Und dann eines Nachts sind sie da, Panik und Angst. Wie ein Alp schlagen sie zu, bringen sie körperlich zum Zusammenbrechen, umklammern sie, schnüren ihr die Luft zum Atmen ab und Isolieren sie von ihrer Umwelt. Nelson ist ihr ein Freund in dieser Zeit, in der sie zu ihrer Mutter zieht, sich von dieser pflegen und aufrichten läßt. Sie muss Tabletten nehmen und geht regelmäßig zur Therapie (sie war (als alles noch nicht so schlimm war) so stolz, daß sie das Casting geschafft hatte und tatsäch genug daneben war, um von der Ärztin Behandlungstermine zu bekommen….). Sie macht Fortschritte und erleidet Rückschläge, sie traut ihren Gefühlen nicht mehr, wenn sie Bekanntschaften macht, sie ist unsicher und horcht in sich hinein, ob dieses Monster “Angst” nicht irgendwo noch lauert und sie anfällt. Und es fällt sie an.

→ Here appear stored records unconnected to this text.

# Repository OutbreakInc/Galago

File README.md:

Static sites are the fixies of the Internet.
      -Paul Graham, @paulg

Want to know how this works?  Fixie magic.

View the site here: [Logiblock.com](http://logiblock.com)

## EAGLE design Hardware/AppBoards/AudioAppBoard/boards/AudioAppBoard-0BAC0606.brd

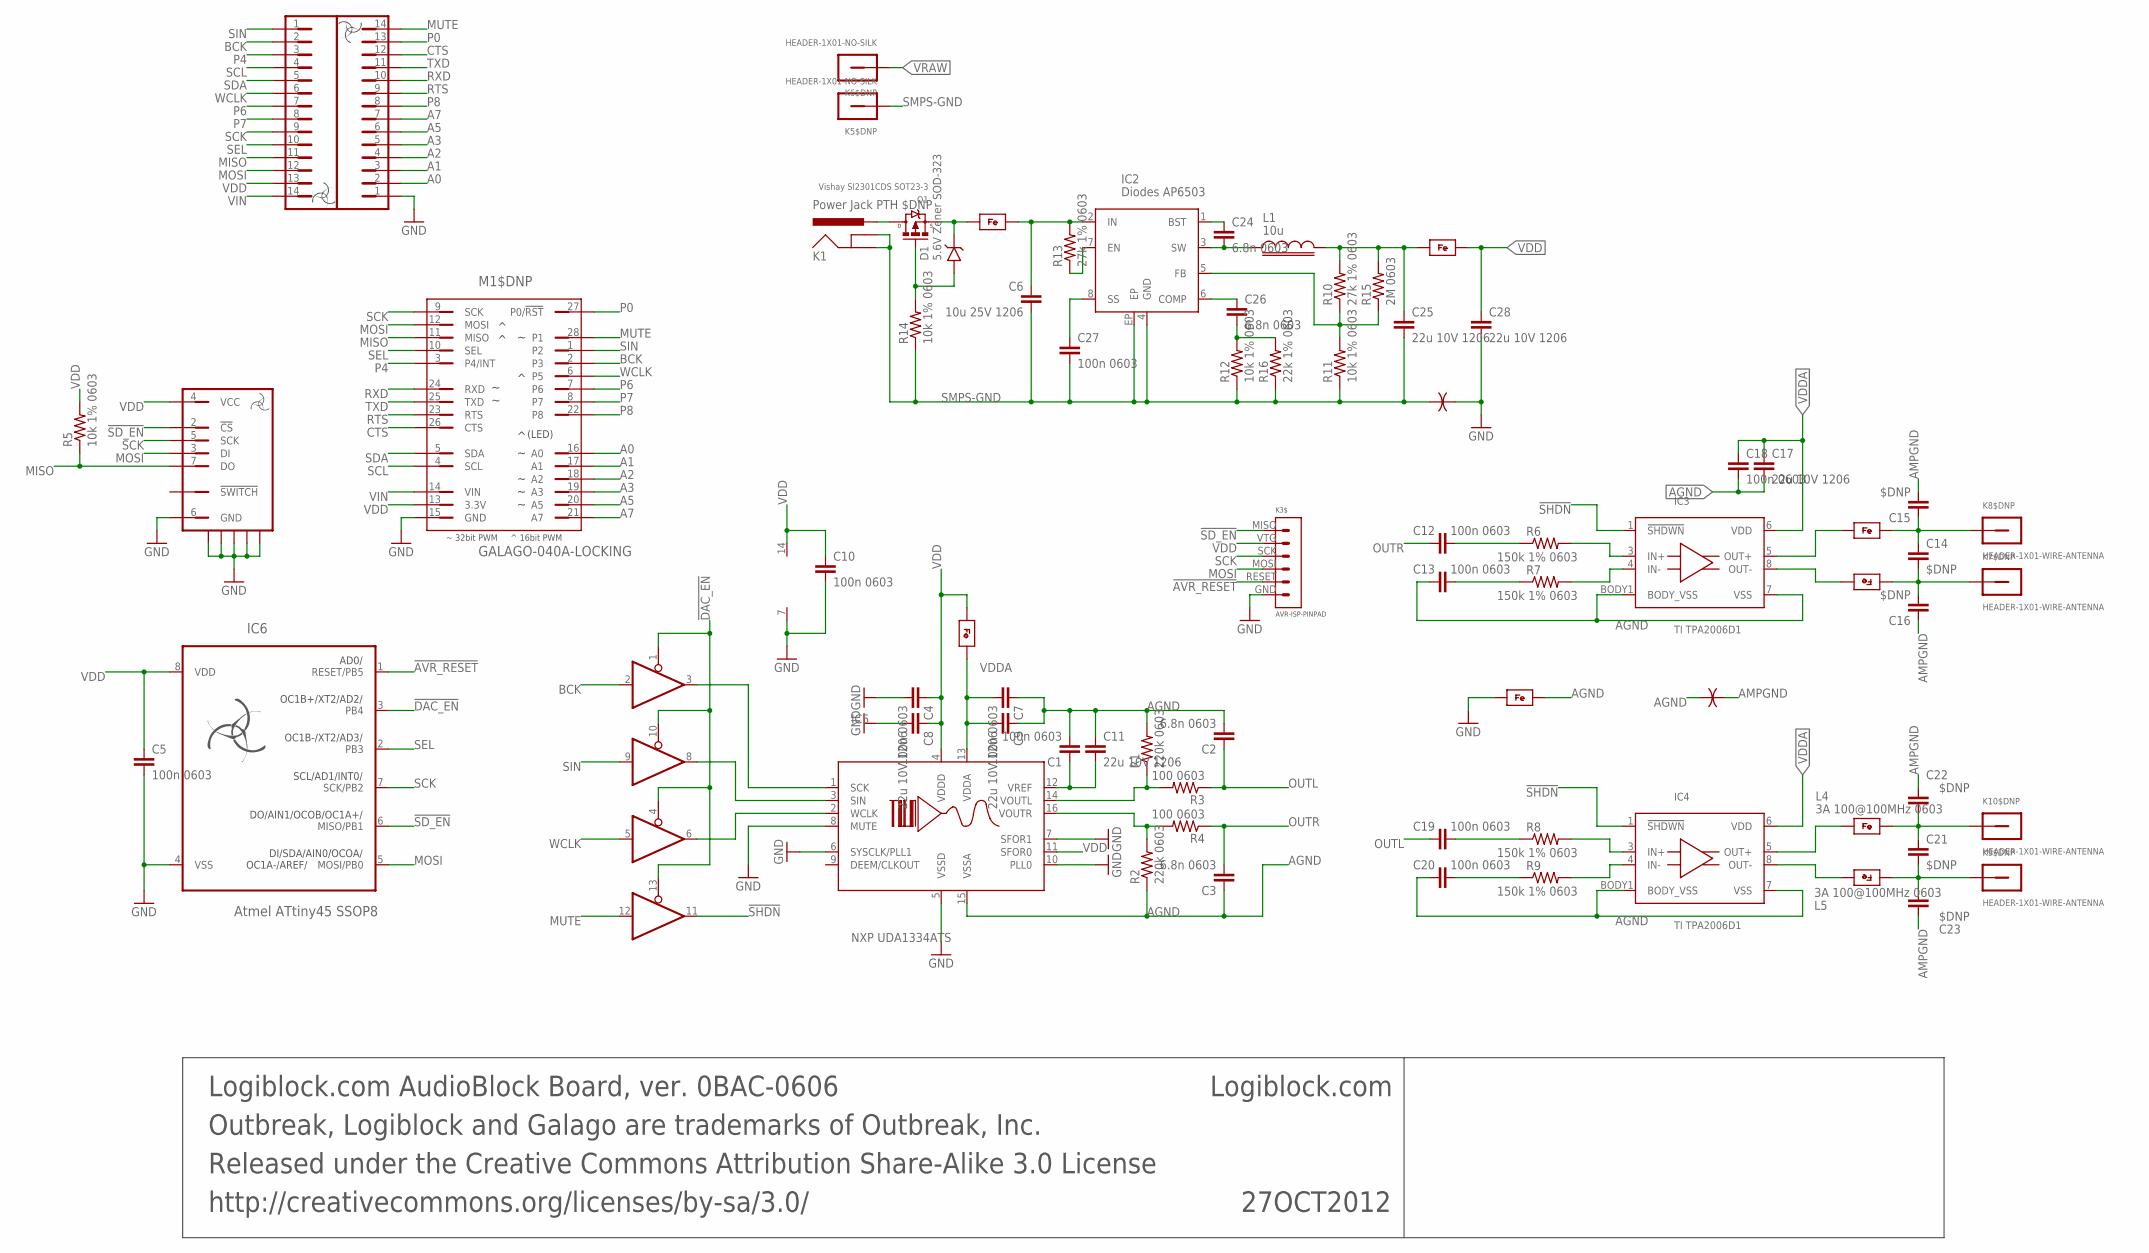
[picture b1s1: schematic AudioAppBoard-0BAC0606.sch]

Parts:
27OCT2012: Logiblock.com AudioBlock Board, ver. 0BAC-0606; INFO-BLOCK
C1, C4, C5, C7, C10: 100n 0603; 0603
C2, C3: 6.8n 0603; 0603
C6: 10u 25V 1206; 1206
C8, C9, C11, C17, C25, C28: 22u 10V 1206; 1206
C12, C13, C18, C19, C20, C27: 100n 0603; 0603-MIN
C14, C15, C16, C21, C22, C23: $DNP; 0603-MIN
C24, C26: 6.8n 0603; 0603-MIN
D1: 5.6V Zener SOD-323; SOD323
FB1, FB2, FB3: 3A 100@100MHz 0603; 0603
FB4: 3A 100@100MHz 0603; 0603-MIN
IC1: 74HC125-TSSOP14; TSSOP14
IC2: Diodes AP6503; EIAJ-SOIC8-3.9MM-EXPOSED-PAD
IC3, IC4: TI TPA2006D1; QFN8-3X3MM-TI-TPA200X
IC5: NXP UDA1334ATS; TSSOP16
IC6: Atmel ATtiny45 SSOP8; TSSOP8-4.4MM
K1: Power Jack PTH $DNP; POWER_JACK_PTH
K2: HIROSE-DM3D-SF-MICROSD; HIROSE-MICROSD-SOCKET-DM3D-SF
K2$DNP, K4$DNP: HEADER-1X14-NO-SILK-CHUNKY
K3$: AVR-ISP-PINPAD
K5$DNP, K6$DNP: HEADER-1X01-NO-SILK
K7$DNP, K8$DNP, K9$DNP, K10$DNP: HEADER-1X01-WIRE-ANTENNA
L1: 10u; INDUCTOR-SMD-6X6MM
L2, L3, L4, L5: 3A 100@100MHz 0603; 0603-MIN
M1$DNP: GALAGO-040A-LOCKING; GALAGO-LOCKING
Q1: Vishay SI2301CDS SOT23-3; SOT23-3
R1, R2: 220k 0603; 0603
R3, R4: 100 0603; 0603
R5, R11, R12, R14: 10k 1% 0603; 0603-MIN
R6, R7, R8, R9: 150k 1% 0603; 0603-MIN
R10, R13: 27k 1% 0603; 0603-MIN
R15: 2M 0603; 0603-MIN
R16: 22k 1% 0603; 0603-MIN
U1$, U2$: GND-ISOLATOR-0.008"

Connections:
!AVR_RESET: IC6.1 (RESET/PB5), K3$.RESET
!DAC_EN: IC1.1 (EN), IC1.4 (EN), IC1.10 (EN), IC1.13 (EN), IC6.3 (PB4)
!SD_EN: IC6.6 (MISO/PB1), K2.2 (!CS), K3$.MISO
!SHDN: IC1.11 (Y), IC3.1 (!SHDWN), IC4.1 (!SHDWN)
A0: K4$DNP.2, M1$DNP.16 (A0)
A1: K4$DNP.3, M1$DNP.17 (A1)
A2: K4$DNP.4, M1$DNP.18 (A2)
A3: K4$DNP.5, M1$DNP.19 (A3)
A5: K4$DNP.6, M1$DNP.20 (A5)
A7: K4$DNP.7, M1$DNP.21 (A7)
AGND: C1.1, C2.1, C3.2, C7.2, C9.2, C11.2, C13.2, C17.1, C18.1, C20.2, FB4.2, IC3.7 (VSS), IC3.BODY1 (BODY_VSS), IC4.7 (VSS), IC4.BODY1 (BODY_VSS), IC5.15 (VSSA), R1.2, R2.1, U2$.1 (A)
AMPGND: C15.1, C16.2, C22.1, C23.2, U2$.2 (B)
BCK: IC1.2 (A), K2$DNP.2, M1$DNP.2 (P3)
CTS: K4$DNP.12, M1$DNP.26 (CTS)
DAC_SCK: IC1.3 (Y), IC5.1 (SCK)
DAC_SIN: IC1.8 (Y), IC5.3 (SIN)
DAC_WCLK: IC1.6 (Y), IC5.2 (WCLK)
GND: C4.1, C5.1, C8.1, C10.1, C28.1, FB4.1, IC1.7 (VSS), IC5.5 (VSSD), IC5.6 (SYSCLK/PLL1), IC5.7 (SFOR1), IC5.8 (MUTE), IC5.10 (PLL0), IC6.4 (VSS), K2.6 (GND), K2.PP$1, K2.PP$2, K2.PP$3, K2.PP$4, K2.PP$5, K3$.GND, K4$DNP.1, M1$DNP.15 (GND), U1$.2 (B)
MISO: K2.7 (DO), K2$DNP.11, M1$DNP.11 (MISO), R5.1
MOSI: IC6.5 (MOSI/PB0), K2.3 (DI), K2$DNP.12, K3$.MOSI, M1$DNP.12 (MOSI)
MUTE: IC1.12 (A), K4$DNP.14, M1$DNP.28 (P1)
unnamed: C14.2, C15.2, K8$DNP.1, L2.2
unnamed: IC4.5 (OUT+), L4.1
unnamed: IC3.5 (OUT+), L2.1
unnamed: IC3.8 (OUT-), L3.2
unnamed: C12.1, R6.1
unnamed: D1.A, Q1.1 (GATE), R14.2
unnamed: C13.1, R7.1
unnamed: IC3.4 (IN-), R7.2
unnamed: IC3.3 (IN+), R6.2
unnamed: C14.1, C16.1, K7$DNP.1, L3.1
unnamed: IC4.8 (OUT-), L5.2
unnamed: C19.1, R8.1
unnamed: C20.1, R9.1
unnamed: IC4.4 (IN-), R9.2
unnamed: IC4.3 (IN+), R8.2
unnamed: C21.2, C22.2, K10$DNP.1, L4.2
unnamed: C21.1, C23.1, K9$DNP.1, L5.1
unnamed: D1.K, FB1.1, Q1.2 (SOURCE)
unnamed: C26.1, R12.2, R16.2
OUTL: C2.2, C19.2, R3.1
OUTR: C3.1, C12.2, R4.1
P0: K4$DNP.13, M1$DNP.27 (P0/!RST)
P4: K2$DNP.3, M1$DNP.3 (P4/INT)
P6: K2$DNP.7, M1$DNP.7 (P6)
P7: K2$DNP.8, M1$DNP.8 (P7)
P8: K4$DNP.8, M1$DNP.22 (P8)
RTS: K4$DNP.9, M1$DNP.23 (RTS)
RXD: K4$DNP.10, M1$DNP.24 (RXD)
SCK: IC6.7 (SCK/PB2), K2.5 (SCK), K2$DNP.9, K3$.SCK, M1$DNP.9 (SCK)
SCL: K2$DNP.4, M1$DNP.4 (SCL)
SDA: K2$DNP.5, M1$DNP.5 (SDA)
SEL: IC6.2 (PB3), K2$DNP.10, M1$DNP.10 (SEL)
SIN: IC1.9 (A), K2$DNP.1, M1$DNP.1 (P2)
SMPS-BST: C24.2, IC2.1 (BST)
SMPS-COMP: C26.2, IC2.6 (COMP)
SMPS-EN: IC2.7 (EN), R13.1
SMPS-FB: IC2.5 (FB), R10.1, R11.2, R15.1
SMPS-GND: C6.1, C25.1, C27.1, IC2.4 (GND), IC2.EP, K1.GND, K1.GNDBREAK, K5$DNP.1, R11.1, R12.1, R14.1, R16.1, U1$.1 (A)
SMPS-IN: C6.2, FB1.2, IC2.2 (IN), R13.2
SMPS-OUT: C25.2, FB2.1, L1.2, R10.2, R15.2
SMPS-SS: C27.2, IC2.8 (SS)
SMPS-SW: C24.1, IC2.3 (SW), L1.1
TXD: K4$DNP.11, M1$DNP.25 (TXD)
VDD: C4.2, C5.2, C8.2, C10.2, C28.2, FB2.2, FB3.1, IC1.14 (VDD), IC5.4 (VDDD), IC5.11 (SFOR0), IC6.8 (VDD), K2.4 (VCC), K2$DNP.13, K3$.VTG, M1$DNP.13 (3.3V), R5.2
VDDA: C7.1, C9.1, C17.2, C18.2, FB3.2, IC3.6 (VDD), IC4.6 (VDD), IC5.13 (VDDA)
VIN: K2$DNP.14, M1$DNP.14 (VIN)
VOUTL: IC5.14 (VOUTL), R1.1, R3.2
VOUTR: IC5.16 (VOUTR), R2.2, R4.2
VRAW: K1.PWR, K6$DNP.1, Q1.3 (DRAIN)
VREF: C1.2, C11.1, IC5.12 (VREF)
WCLK: IC1.5 (A), K2$DNP.6, M1$DNP.6 (P5)

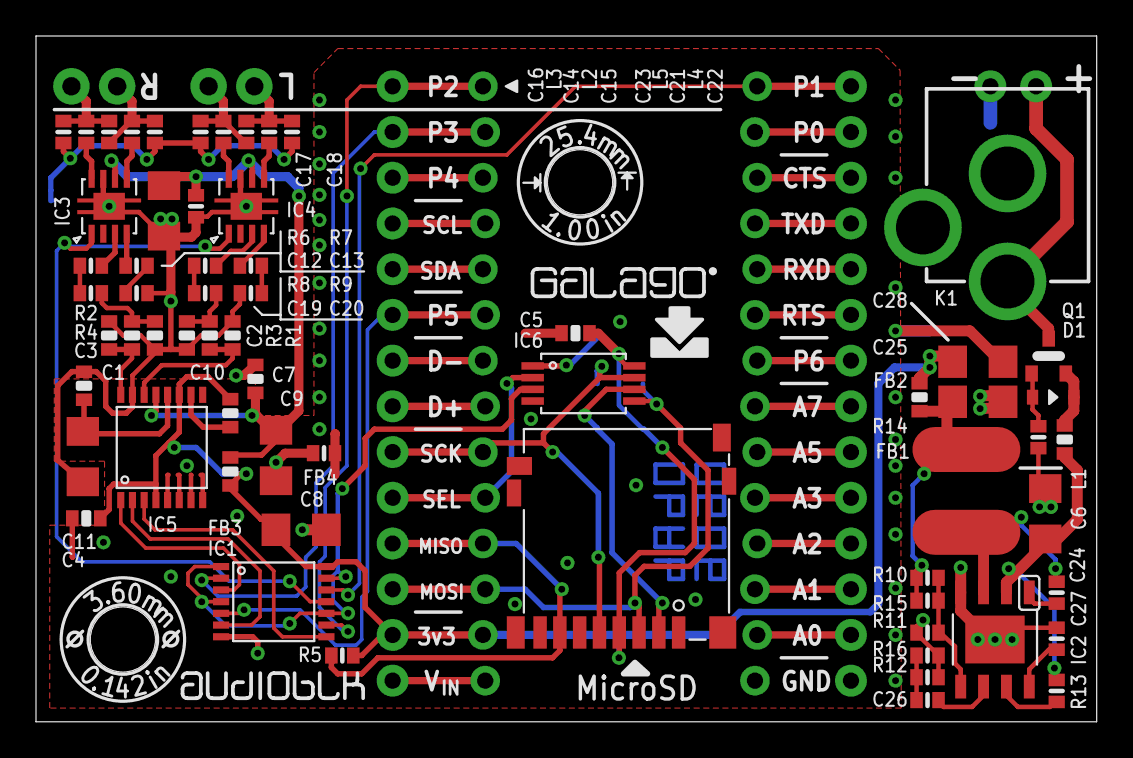
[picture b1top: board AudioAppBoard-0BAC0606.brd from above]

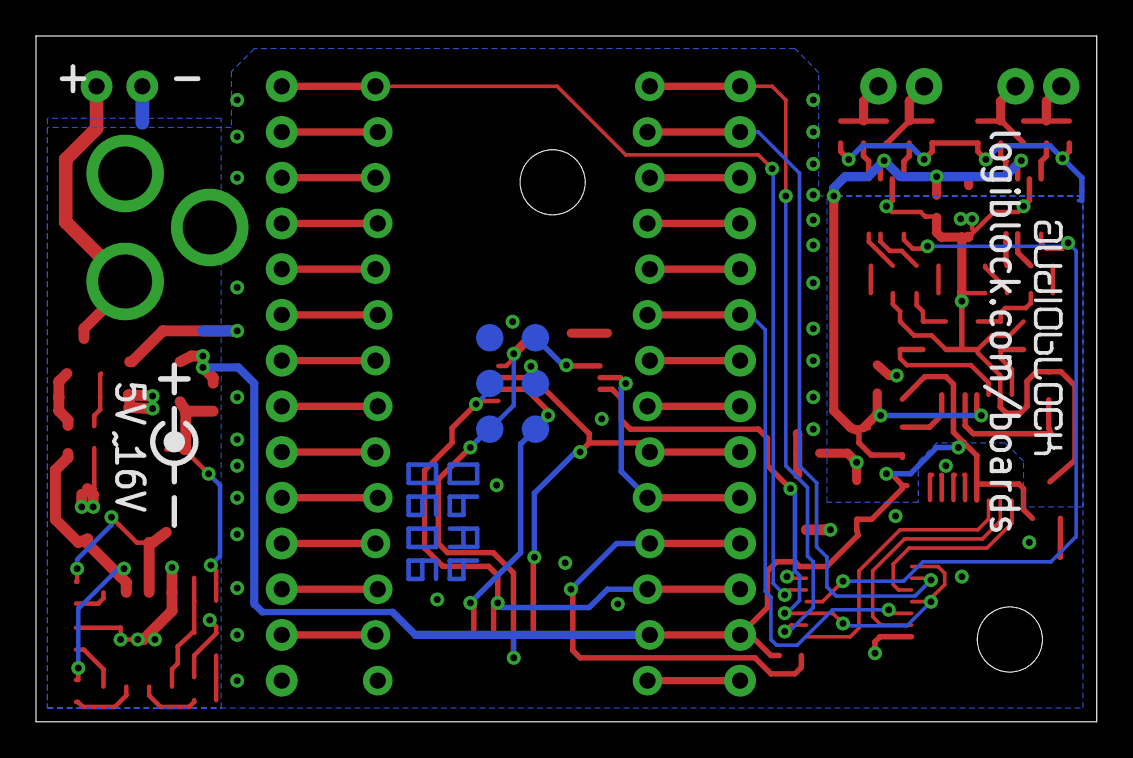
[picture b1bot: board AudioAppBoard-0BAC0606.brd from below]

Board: 2 copper layers, 58.9 x 38.1 mm, 80 parts (3 on the bottom side), 72 nets.

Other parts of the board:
U$1: GALAGO-LOGO
U$3: GALAGO-APP-BOARD-SYMBOL
U$10: MOUNTING-HOLE-3.6MM-LABELLED-DIAM
U$11: MOUNTING-HOLE-3.6MM-LABELLED-DISTANCE

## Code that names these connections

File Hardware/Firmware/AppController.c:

///////////////////////////////////////////////////////////////////////////////////////////


///////////////////////////////////////////////////////////////////////////////////////////

#include "AppController.h"

#include <avr/io.h>
#include <avr/interrupt.h>


#define PIN_SPI_SEL			PB3
#define PIN_SPI_SCK			PB2
#define PIN_SPI_MOSI		PB0

#define PINMASK_SPI_SEL		(1 << PIN_SPI_SEL)
#define PINMASK_SPI_SCK		(1 << PIN_SPI_SCK)
#define PINMASK_SPI_MOSI	(1 << PIN_SPI_MOSI)


//There are three reserved GXB addresses, used for stateless group addressing of all
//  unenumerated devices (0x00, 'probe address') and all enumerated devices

Karo, die das Leben bislang mit Gags und Witzen meisterte, erkennt, daß dies nicht ausreicht. Hier ist etwas, das sich nicht weglachen läßt, das in ihr bohrt und bohrt und sie im Griff hat, bis sie sich ihm stellt und auch ihrer Vergangenheit nicht mehr ausweicht. Sicherlich auch eine Metapher Kuttners für die Oberflächlichkeit und den Partycharakter des großstädtischen Lebens der heutigen Singleszene (Karo arbeitet im Bereich Medien und organisiert z.B Events).
Was hier so ernst klingt (und auch ernst ist) kommt aber keineswegs als Betroffenheitsliteratur daher. Kuttner schreibt mit viel Schwung, läßt Karo mit Selbstironie, (schwarzem) Humor und einem flotten Tempo erzählen. Die “Mackenmädels”, wie sie und ihre Mutter, die ähnlich unter Panikattacken litt, sich selbstironisch nennen, schauen trotz allem vorwärts, haben Lebensmut und verzweifeln trotz mancher Krise nicht. Karo schaut kritisch auf ihr Leben zurück und mit Mut nach vorne, sie zweifelt, kann sich nicht entscheiden, vergräbt sich in Mamas Wohnung und weiß doch, daß dies keine Lösung ist. Kuttner beschreibt diesen Kampf Karos mit ihrer Psyche und ihrem Leben mit Witz und viel Sympathie für ihre Heldin.
Facit: “Eine Depression ist ein fucking Event.” Wer sich von diesem Eingangsstatement nicht abschreckenn läßt, den erwartet ein unterhaltsames, an manchen Stellen auch sehr ernstes Buch über eine junge Frau, die eben ein “Mängelexemplar” ist….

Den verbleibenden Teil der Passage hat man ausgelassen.